▶ [What you have to do]: Wherever "normal" shows up in the records below, copy the whole line.

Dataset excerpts
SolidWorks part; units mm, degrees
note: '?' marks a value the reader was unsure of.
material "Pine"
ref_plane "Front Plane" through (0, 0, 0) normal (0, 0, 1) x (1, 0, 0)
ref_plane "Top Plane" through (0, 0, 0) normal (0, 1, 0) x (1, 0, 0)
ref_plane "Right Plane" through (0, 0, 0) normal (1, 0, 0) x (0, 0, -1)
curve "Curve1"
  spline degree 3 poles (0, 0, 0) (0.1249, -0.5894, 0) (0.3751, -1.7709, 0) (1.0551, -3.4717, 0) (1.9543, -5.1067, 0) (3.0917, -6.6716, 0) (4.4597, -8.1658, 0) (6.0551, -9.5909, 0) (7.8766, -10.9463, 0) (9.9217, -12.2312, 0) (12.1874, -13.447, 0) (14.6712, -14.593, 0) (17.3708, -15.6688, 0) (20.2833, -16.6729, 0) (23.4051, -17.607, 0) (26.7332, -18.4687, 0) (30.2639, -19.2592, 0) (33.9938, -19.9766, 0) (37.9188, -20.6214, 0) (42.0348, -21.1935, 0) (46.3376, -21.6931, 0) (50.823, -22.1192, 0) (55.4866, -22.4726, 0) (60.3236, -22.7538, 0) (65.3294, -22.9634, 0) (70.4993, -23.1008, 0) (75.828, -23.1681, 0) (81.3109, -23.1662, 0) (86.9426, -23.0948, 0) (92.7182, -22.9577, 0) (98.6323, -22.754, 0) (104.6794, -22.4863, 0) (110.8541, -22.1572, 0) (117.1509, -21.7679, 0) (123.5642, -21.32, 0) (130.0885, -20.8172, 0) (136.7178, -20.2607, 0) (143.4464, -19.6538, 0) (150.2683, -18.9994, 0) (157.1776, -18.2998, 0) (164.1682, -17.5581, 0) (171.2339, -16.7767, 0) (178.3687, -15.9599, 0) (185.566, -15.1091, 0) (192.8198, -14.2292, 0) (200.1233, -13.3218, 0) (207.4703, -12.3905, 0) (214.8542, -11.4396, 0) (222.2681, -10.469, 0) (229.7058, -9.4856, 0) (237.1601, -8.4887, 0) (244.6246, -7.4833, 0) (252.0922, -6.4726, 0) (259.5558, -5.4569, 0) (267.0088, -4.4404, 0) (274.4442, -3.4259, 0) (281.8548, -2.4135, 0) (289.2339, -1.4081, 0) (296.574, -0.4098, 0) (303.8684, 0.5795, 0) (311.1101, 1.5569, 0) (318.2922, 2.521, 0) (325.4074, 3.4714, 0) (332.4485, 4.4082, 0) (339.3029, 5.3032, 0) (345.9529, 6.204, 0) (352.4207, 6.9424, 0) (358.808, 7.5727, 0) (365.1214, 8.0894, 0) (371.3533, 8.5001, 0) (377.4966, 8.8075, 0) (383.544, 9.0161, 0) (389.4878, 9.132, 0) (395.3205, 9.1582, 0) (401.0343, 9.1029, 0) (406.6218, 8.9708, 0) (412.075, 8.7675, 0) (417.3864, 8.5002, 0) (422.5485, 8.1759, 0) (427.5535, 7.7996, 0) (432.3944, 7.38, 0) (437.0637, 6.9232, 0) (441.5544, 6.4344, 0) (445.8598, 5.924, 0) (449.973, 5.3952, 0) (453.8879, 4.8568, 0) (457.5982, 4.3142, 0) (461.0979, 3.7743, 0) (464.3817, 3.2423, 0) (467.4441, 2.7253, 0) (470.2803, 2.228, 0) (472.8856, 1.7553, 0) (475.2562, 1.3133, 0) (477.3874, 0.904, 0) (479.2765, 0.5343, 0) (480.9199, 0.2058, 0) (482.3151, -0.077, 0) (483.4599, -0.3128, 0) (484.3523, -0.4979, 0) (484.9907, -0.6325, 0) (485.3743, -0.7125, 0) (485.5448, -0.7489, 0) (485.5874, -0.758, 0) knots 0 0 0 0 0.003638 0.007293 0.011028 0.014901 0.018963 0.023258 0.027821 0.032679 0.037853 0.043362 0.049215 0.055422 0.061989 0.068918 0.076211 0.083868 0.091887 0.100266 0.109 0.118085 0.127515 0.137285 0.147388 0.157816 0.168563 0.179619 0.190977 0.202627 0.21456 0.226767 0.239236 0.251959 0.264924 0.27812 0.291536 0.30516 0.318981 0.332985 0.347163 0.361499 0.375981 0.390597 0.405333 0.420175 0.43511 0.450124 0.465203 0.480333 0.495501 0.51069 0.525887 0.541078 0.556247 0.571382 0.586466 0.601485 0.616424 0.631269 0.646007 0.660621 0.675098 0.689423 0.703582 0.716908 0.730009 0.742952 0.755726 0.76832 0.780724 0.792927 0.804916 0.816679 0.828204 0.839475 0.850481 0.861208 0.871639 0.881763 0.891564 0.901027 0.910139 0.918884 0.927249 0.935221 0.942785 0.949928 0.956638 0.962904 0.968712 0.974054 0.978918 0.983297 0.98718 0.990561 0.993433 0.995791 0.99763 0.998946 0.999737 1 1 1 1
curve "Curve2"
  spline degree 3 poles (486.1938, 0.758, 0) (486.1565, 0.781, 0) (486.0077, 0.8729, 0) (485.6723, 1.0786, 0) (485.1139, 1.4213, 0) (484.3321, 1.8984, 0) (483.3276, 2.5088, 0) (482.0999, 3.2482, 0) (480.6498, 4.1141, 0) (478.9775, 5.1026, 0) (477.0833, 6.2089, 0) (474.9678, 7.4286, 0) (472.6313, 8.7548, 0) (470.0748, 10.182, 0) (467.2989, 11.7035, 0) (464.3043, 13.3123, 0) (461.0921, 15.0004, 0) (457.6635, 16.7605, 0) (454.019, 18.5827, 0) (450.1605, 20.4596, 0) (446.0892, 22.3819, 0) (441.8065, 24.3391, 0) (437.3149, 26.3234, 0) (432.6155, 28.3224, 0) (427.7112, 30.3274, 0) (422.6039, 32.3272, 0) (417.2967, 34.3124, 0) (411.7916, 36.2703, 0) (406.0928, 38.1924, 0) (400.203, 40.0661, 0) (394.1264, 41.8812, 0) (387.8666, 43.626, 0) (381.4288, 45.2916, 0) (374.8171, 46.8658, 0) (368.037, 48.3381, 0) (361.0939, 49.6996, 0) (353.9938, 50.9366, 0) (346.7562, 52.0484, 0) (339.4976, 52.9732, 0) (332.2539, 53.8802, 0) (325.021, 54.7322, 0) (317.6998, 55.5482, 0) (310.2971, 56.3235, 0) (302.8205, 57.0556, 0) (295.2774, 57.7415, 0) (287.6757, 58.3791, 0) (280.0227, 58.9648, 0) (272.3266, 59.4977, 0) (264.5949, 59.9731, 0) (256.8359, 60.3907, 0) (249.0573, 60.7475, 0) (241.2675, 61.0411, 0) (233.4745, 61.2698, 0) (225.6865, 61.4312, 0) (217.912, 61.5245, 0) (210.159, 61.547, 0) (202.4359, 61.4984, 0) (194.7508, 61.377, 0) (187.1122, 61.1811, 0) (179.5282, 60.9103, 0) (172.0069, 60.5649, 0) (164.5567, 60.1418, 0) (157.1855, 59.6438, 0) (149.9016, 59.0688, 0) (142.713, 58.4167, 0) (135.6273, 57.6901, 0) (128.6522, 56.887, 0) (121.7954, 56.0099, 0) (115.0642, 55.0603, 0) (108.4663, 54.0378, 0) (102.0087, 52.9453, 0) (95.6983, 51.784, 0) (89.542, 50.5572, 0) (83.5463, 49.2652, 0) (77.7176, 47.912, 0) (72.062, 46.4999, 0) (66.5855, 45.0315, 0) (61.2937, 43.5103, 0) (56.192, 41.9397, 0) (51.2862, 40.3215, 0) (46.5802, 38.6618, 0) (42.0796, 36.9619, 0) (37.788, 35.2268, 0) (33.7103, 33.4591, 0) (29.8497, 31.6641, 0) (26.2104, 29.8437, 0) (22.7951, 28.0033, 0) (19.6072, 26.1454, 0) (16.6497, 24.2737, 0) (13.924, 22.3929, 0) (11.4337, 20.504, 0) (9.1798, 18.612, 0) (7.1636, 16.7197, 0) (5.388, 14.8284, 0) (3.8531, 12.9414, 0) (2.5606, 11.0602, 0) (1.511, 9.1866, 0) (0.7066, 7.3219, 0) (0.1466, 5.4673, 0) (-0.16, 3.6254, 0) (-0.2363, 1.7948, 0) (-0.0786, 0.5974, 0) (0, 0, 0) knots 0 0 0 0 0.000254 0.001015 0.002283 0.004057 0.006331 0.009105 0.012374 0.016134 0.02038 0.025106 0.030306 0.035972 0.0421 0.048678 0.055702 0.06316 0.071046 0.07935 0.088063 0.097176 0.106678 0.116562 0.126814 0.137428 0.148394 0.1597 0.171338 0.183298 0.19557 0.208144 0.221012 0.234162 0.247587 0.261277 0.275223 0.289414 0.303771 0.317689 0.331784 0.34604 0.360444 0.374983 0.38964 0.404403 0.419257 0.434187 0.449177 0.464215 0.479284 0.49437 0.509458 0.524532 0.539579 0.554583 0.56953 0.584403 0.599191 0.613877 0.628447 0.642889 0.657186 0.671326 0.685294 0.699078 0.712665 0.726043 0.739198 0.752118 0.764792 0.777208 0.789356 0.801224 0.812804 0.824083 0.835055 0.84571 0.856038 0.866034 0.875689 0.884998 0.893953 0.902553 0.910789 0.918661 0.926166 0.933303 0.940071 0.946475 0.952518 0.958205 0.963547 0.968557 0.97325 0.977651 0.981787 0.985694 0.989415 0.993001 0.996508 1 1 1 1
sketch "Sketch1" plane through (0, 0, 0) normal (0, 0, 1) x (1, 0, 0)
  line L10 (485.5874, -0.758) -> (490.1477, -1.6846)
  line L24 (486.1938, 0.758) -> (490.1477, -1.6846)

▶ [Task solution]:
ref_plane "Front Plane" through (0, 0, 0) normal (0, 0, 1) x (1, 0, 0)
ref_plane "Top Plane" through (0, 0, 0) normal (0, 1, 0) x (1, 0, 0)
ref_plane "Right Plane" through (0, 0, 0) normal (1, 0, 0) x (0, 0, -1)
sketch "Sketch1" plane through (0, 0, 0) normal (0, 0, 1) x (1, 0, 0)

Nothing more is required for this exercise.